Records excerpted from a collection
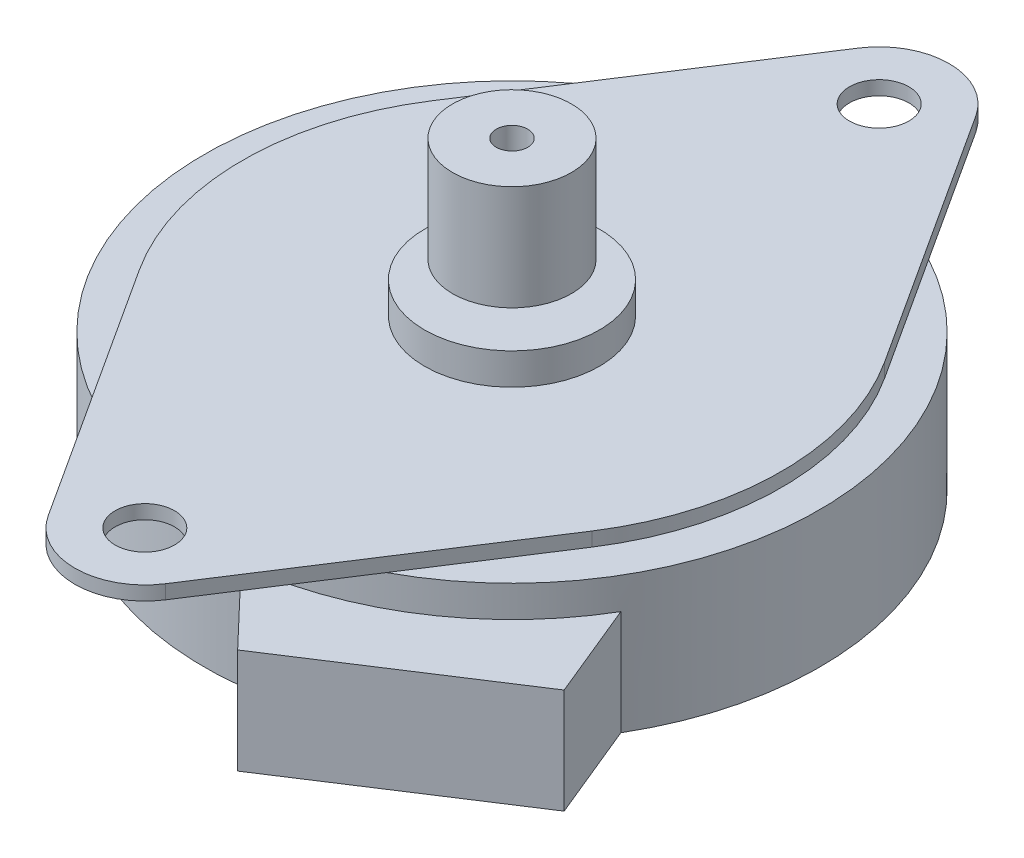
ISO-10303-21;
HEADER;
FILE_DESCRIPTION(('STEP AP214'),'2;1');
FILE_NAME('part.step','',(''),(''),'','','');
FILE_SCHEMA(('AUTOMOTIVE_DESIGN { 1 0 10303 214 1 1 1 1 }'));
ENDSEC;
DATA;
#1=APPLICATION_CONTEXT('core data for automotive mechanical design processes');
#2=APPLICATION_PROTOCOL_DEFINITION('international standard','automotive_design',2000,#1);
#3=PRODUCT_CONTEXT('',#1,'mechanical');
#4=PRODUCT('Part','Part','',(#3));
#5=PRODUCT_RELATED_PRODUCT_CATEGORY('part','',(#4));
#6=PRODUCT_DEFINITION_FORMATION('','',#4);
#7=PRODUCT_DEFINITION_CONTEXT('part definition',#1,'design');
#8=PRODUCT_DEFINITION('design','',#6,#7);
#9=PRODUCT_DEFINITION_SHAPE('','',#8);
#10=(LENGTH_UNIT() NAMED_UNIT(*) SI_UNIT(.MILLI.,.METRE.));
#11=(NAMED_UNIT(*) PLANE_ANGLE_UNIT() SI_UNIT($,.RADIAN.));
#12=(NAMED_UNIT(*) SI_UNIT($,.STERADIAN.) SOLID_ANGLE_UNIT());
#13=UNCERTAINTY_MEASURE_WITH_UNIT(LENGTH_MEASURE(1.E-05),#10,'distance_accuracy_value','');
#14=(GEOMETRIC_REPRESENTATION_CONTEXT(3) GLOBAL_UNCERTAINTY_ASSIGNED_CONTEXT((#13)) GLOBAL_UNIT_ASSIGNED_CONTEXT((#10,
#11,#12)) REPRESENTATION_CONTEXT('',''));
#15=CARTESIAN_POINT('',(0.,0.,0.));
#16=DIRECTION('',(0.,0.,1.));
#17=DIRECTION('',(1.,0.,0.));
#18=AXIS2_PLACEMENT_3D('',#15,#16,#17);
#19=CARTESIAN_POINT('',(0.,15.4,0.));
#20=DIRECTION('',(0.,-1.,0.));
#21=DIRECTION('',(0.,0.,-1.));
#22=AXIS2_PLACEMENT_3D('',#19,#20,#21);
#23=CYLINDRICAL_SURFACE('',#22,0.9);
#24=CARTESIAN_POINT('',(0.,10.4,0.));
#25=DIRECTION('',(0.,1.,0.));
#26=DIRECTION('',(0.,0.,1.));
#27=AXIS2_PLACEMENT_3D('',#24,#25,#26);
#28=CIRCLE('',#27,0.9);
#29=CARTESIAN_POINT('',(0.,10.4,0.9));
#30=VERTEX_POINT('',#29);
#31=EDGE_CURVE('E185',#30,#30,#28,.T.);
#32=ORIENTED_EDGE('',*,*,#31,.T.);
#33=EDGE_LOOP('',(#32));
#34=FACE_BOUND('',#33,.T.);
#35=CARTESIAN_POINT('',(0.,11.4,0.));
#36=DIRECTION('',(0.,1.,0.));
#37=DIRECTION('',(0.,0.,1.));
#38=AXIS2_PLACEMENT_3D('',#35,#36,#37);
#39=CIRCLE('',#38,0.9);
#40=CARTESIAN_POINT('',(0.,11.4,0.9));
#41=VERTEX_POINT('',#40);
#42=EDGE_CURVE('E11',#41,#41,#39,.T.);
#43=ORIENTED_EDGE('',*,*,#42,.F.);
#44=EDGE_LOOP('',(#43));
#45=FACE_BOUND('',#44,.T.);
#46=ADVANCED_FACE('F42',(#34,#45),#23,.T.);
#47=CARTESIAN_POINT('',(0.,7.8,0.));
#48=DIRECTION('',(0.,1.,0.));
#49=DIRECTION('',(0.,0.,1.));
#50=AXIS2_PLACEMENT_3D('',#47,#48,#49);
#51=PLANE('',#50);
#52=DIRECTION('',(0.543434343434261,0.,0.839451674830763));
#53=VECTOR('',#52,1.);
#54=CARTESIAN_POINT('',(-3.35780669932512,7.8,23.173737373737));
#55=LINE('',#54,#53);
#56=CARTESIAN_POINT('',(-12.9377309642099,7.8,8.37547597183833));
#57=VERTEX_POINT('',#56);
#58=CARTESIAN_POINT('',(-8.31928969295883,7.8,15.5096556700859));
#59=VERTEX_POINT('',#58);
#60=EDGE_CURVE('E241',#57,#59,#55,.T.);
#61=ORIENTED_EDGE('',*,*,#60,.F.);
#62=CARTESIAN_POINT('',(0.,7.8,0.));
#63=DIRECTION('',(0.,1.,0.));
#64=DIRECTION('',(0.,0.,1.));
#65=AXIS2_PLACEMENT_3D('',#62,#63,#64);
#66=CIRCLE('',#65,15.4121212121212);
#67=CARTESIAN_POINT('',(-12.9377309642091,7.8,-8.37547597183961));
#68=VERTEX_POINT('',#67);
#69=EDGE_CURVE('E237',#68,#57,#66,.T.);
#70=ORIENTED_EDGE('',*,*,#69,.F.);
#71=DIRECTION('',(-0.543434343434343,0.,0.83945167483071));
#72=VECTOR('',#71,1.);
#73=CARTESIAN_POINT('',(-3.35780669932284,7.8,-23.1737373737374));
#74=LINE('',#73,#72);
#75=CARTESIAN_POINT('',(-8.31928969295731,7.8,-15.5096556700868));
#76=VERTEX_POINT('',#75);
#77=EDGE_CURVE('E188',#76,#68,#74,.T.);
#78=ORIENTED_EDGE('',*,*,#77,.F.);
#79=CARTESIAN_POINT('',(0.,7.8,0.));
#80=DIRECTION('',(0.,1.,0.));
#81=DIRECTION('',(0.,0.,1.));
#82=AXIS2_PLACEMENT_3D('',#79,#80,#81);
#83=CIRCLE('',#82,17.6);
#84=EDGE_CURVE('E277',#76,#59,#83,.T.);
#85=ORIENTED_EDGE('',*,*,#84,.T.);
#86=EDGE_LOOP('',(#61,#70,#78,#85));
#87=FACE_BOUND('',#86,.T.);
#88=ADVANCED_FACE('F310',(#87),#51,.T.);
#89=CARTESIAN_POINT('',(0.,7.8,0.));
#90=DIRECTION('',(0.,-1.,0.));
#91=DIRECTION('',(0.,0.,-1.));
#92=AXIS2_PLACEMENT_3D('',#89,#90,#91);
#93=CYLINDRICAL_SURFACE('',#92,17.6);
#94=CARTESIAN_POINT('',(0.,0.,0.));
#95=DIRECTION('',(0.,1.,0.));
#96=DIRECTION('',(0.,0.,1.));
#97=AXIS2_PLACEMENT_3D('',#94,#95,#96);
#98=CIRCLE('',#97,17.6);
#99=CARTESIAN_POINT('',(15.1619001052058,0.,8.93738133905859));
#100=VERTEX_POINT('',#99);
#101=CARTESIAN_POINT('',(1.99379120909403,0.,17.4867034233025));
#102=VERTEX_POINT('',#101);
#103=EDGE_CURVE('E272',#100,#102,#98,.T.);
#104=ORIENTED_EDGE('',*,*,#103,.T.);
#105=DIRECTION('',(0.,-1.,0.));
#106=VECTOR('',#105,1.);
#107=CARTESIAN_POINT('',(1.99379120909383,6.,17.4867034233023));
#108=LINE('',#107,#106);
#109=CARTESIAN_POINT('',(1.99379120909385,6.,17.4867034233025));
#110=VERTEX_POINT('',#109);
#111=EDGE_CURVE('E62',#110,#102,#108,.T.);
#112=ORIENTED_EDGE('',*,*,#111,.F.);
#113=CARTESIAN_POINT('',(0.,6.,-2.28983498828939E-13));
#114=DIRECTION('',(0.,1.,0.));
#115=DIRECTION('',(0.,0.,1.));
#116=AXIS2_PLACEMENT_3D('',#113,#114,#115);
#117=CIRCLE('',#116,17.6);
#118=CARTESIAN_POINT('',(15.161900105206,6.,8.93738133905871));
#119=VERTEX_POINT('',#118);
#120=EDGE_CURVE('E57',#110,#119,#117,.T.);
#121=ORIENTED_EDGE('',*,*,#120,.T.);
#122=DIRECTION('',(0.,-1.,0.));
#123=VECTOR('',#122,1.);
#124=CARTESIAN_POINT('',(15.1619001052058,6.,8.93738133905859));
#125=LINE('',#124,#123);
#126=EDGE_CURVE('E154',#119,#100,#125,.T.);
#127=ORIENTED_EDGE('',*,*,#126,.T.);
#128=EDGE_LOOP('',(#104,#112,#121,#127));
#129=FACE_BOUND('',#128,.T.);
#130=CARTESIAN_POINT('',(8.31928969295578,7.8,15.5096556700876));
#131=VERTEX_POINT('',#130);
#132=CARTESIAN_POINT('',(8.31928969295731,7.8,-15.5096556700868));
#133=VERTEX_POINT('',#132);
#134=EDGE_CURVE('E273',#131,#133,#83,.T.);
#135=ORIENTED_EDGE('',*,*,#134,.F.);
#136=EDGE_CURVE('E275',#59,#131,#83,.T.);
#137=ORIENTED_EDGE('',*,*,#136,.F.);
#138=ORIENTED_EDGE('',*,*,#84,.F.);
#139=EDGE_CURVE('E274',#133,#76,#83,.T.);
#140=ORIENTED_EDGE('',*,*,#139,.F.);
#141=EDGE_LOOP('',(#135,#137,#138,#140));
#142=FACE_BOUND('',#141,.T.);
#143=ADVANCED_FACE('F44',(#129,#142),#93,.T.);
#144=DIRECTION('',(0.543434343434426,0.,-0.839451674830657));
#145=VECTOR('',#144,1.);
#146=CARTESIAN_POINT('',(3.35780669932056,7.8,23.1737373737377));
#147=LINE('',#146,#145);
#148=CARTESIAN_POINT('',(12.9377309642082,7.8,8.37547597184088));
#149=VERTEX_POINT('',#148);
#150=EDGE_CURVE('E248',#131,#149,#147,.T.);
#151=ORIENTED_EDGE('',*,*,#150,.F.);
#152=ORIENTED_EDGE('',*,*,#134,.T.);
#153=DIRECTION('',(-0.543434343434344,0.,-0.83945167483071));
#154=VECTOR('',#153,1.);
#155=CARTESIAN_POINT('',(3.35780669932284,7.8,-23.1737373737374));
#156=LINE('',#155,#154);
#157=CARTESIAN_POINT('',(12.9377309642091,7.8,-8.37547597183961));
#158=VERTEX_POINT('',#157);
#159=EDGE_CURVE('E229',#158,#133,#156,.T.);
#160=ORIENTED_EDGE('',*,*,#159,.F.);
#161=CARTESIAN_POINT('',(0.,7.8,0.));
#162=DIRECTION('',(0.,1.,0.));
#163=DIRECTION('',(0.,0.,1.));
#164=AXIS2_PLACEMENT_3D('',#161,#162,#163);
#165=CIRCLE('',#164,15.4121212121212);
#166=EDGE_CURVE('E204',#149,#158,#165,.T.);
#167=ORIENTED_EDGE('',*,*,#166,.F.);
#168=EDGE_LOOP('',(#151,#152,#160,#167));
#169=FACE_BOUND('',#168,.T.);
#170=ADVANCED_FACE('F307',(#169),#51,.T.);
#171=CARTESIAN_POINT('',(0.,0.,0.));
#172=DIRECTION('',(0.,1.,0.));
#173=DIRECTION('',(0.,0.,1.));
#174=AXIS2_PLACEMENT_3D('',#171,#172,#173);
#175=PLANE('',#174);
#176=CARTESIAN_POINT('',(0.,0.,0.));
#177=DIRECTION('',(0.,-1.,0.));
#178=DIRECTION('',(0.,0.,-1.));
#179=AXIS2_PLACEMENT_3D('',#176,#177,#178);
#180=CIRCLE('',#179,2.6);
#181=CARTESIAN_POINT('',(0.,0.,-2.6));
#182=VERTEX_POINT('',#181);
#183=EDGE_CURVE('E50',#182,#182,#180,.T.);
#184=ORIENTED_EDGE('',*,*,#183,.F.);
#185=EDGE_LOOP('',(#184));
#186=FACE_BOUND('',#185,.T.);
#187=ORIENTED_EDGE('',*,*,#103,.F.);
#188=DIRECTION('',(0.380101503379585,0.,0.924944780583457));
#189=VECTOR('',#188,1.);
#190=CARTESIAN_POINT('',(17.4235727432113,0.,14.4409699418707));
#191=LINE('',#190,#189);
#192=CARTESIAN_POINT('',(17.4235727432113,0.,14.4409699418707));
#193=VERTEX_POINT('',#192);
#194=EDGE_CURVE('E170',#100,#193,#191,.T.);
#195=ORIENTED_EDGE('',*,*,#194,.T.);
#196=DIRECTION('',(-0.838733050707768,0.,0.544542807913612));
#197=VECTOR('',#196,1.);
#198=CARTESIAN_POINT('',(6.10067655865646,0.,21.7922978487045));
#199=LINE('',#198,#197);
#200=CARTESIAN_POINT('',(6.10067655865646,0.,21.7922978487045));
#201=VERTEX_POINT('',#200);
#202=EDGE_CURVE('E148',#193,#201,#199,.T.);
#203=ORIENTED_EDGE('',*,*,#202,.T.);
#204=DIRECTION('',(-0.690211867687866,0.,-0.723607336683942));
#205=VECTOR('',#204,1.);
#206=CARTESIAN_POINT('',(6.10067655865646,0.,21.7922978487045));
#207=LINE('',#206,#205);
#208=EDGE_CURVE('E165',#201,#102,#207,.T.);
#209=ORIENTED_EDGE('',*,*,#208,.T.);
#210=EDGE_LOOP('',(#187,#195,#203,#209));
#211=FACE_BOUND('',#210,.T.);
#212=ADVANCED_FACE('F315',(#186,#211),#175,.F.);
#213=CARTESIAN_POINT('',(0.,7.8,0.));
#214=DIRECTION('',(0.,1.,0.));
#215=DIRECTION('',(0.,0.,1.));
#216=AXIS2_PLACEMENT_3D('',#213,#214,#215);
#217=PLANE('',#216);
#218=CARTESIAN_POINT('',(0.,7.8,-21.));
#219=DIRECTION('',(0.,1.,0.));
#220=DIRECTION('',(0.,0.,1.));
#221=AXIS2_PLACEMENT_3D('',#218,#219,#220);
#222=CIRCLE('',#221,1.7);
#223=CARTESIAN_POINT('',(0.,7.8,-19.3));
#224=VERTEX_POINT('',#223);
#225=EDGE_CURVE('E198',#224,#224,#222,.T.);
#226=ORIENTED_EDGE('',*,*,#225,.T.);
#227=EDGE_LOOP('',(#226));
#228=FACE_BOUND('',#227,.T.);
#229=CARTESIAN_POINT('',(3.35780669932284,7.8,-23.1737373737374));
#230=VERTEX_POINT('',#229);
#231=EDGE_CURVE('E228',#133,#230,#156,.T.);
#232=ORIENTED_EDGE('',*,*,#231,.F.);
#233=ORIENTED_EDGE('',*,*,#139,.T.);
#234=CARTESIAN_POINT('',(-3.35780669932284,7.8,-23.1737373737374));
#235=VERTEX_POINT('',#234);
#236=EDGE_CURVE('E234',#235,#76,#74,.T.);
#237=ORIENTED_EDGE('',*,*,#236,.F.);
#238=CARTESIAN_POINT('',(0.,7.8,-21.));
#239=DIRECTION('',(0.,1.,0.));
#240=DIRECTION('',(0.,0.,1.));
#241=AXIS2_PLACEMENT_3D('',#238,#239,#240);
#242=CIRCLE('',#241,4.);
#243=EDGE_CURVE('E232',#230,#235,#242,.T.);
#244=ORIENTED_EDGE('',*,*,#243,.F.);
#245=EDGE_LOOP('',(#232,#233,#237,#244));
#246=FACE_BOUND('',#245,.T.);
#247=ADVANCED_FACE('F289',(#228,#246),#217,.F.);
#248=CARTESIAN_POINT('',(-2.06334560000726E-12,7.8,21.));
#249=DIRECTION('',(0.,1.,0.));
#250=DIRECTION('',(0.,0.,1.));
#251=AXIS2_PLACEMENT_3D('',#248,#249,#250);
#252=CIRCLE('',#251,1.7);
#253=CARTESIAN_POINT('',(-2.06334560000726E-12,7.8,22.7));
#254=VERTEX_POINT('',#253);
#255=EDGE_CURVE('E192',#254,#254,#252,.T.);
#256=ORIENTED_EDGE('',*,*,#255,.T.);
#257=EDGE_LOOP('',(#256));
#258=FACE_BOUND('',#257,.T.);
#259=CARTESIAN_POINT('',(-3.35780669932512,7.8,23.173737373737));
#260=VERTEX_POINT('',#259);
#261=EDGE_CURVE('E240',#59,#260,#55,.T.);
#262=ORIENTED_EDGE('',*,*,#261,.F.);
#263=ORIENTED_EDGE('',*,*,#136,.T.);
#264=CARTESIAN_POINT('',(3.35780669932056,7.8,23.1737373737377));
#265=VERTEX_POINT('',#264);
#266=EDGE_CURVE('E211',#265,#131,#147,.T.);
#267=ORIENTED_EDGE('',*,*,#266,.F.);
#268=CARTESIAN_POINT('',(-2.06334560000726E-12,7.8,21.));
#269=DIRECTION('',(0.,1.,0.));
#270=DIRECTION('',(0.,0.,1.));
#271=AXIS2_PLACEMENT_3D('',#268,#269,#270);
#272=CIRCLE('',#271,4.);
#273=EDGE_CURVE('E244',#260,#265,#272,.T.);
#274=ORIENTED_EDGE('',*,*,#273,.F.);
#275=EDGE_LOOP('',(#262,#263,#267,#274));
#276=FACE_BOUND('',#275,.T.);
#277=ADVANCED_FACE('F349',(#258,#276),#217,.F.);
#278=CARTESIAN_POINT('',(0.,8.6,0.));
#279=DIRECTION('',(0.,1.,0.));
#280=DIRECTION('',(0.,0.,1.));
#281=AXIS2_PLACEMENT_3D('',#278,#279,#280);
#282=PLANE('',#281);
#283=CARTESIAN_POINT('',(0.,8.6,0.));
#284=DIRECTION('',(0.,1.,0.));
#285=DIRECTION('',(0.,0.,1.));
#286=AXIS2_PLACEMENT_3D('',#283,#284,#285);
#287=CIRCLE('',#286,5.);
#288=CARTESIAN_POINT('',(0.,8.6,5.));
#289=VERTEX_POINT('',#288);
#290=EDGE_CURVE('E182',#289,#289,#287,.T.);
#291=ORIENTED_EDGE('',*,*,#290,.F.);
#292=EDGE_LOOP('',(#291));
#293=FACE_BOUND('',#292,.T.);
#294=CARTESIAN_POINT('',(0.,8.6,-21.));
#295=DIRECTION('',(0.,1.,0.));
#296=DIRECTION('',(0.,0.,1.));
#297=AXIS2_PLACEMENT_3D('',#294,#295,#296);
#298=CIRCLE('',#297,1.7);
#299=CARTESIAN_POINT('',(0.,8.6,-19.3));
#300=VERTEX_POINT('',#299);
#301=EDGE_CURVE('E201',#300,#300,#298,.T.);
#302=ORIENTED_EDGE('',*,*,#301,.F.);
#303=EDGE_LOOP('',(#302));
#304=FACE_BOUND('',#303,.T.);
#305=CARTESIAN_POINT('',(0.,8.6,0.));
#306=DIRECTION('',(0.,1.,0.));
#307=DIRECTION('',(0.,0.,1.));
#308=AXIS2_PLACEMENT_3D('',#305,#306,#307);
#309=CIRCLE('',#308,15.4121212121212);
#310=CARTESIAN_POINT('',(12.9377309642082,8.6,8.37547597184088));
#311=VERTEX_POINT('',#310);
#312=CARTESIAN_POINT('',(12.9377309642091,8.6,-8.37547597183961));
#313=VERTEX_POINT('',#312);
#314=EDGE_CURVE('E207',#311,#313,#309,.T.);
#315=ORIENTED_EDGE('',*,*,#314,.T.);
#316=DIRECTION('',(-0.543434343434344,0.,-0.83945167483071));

- **Aim of the exercise**: Wherever the line holding "#307=DIRECTION('',(0.,0.,1.));" falls in the entries above, copy exactly from it through the line holding "#314=EDGE_CURVE('E207',#311,#313,#309,.T.);", inclusive, and add nothing.

- **Exercise solution**:
#307=DIRECTION('',(0.,0.,1.));
#308=AXIS2_PLACEMENT_3D('',#305,#306,#307);
#309=CIRCLE('',#308,15.4121212121212);
#310=CARTESIAN_POINT('',(12.9377309642082,8.6,8.37547597184088));
#311=VERTEX_POINT('',#310);
#312=CARTESIAN_POINT('',(12.9377309642091,8.6,-8.37547597183961));
#313=VERTEX_POINT('',#312);
#314=EDGE_CURVE('E207',#311,#313,#309,.T.);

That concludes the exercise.